The biggest takeaway from the Ryzen 7 8700G and Ryzen 5 8600G is that they are a considerable upgrade in integrated graphics performance compared to the previous Ryzen 5000G series, including the Ryzen 7 5700G. The jump from the now-aging Vega graphics architecture to the latest RDNA 3 proves a fruitful upgrade for users on a strict budget is a very viable one. While opting for a mobile-based platform and architecture such as Phoneix and implementing it into the desktop, much like AMD has done before with previous iterations of their APUs, does have limitations.

These limitations primarily come in highly intensive multi-threaded workloads such as rendering or encoding, where the performance of processors such as the Ryzen 7000 desktop series, but the key point is that these APUs aren't inherently designed for these tasks in mind, and users looking for more CPU grunt are almost certainly likely to opt for a higher grade processor with faster cores, more cores, and more threads. This is also prevalent in certain games when paired with a discrete graphics card, which shows the native desktop chips in a better light. Still, the Ryzen 7 8700G and Ryzen 5 8600G are more than capable of doing these things, with lesser performance.
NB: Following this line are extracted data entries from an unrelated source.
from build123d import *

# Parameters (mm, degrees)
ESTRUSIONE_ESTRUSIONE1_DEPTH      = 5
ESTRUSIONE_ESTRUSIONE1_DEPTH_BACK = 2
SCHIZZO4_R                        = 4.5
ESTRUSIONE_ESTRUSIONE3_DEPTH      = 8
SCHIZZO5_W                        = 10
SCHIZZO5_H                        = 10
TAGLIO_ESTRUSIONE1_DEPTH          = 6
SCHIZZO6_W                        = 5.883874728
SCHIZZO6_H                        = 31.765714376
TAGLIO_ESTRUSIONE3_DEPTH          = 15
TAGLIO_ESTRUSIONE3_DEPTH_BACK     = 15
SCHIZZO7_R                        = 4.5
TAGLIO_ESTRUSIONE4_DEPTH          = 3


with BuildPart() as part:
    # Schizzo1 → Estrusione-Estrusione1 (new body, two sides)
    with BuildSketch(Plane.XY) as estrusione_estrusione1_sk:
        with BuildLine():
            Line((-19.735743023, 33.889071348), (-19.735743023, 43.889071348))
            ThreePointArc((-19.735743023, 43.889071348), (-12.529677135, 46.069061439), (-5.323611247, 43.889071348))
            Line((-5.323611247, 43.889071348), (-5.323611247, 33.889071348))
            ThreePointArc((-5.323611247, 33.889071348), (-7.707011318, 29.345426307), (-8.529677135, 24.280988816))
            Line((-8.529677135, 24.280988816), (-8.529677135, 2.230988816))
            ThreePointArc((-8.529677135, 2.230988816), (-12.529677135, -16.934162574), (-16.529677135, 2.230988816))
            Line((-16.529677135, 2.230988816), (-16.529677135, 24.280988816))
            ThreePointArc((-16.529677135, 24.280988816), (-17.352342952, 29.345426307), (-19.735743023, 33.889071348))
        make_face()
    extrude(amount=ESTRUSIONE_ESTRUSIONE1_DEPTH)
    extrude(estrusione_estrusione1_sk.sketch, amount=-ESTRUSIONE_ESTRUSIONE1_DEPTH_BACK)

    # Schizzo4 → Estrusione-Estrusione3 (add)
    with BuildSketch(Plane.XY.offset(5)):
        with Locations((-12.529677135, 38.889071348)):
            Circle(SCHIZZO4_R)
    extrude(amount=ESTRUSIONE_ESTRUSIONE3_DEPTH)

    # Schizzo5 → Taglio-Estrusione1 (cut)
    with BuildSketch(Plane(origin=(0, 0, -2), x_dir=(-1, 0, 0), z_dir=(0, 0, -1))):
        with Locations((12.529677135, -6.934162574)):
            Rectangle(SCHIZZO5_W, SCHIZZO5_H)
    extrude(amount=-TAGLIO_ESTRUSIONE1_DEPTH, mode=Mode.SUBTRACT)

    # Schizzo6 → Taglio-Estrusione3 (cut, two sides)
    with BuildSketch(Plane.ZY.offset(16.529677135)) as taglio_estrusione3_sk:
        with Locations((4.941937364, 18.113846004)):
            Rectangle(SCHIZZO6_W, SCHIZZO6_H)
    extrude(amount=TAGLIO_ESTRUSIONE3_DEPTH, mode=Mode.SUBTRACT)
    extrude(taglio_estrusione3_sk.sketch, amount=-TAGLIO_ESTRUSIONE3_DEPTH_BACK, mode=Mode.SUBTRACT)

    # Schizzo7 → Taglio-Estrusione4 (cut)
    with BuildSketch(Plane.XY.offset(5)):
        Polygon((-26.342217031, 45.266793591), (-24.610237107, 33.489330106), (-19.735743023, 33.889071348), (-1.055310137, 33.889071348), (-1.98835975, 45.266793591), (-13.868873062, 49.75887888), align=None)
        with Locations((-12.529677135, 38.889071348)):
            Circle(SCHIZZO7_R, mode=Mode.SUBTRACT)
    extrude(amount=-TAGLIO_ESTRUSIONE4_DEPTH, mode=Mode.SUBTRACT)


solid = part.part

The other point to consider in the equation is the price; the Ryzen 7 8700G has an MSRP of $329, and the Ryzen 5 8600G has a price tag of $229. For the price, there is undoubtedly a lot of potential and performance to be had from both these processors, and they offer a jack of all trades but a master of but one thing: integrated graphics performance at lower settings. That is the bread and butter of the Ryzen 8000G series, offering solid performance for users on a budget who want to game but can't quite stretch to the price of a dedicated discrete graphics card.

Final Thoughts: AMD Ryzen 8000G APUs Offer a Solid Upgrade to Ryzen 5000G

At the price point, the Ryzen 7 8700G and Ryzen 5 8600G certainly hit a sweet spot between compute and integrated graphics performance, more so than we've seen before with any generation of AMD Zen-based APUs. It's been a long time coming as we've anticipated AMD to release a Zen 4 APU to the market. For users waiting for this day (today), there's certainly a lot to be had for the price when opting for either the Ryzen 7 8700G or the Ryzen 5 8600G.

It does, however, prove fruitful to point out that there's still value to be had from the Ryzen 5000G series, even more so since the turn of the year. The Ryzen 7 5700G can be purchased from Amazon for just $170, which represents impeccable value for money, given how cheap the AMD AM4 motherboards can be purchased, as well as the DDR4 memory. Even cheaper still, the Ryzen 5 5600G is only $124 at Amazon (at the time of writing), and all things aside, it still proves an excellent proposition for users on a stringent budget but who want to do basic tasks and light gaming at 720p while avoiding the cost of a discrete graphics card.

Overall, the Ryzen 7 8700G and Ryzen 5 8600G offer solid performance for the price, but the next step in the evolution of the APU may yet still be to come, as AMD is preparing Zen 5 for launch, which, according to their roadmap, is scheduled for this year. It'll be a while after that until we see Zen 5-based APUs (if at all), but we appreciate the concept of the APU and what it offers to users on a budget in an increasingly inflated hardware market.

As we've re-tested our data without AMD's STAPM limitations applied, our opinion on the cost-effectiveness and performance hasn't changed. We still recommend both the Ryzen 7 8700G and Ryzen 5 8600G to gamers on a budget or for users looking to build a lower-cost system without needing a discrete graphics card.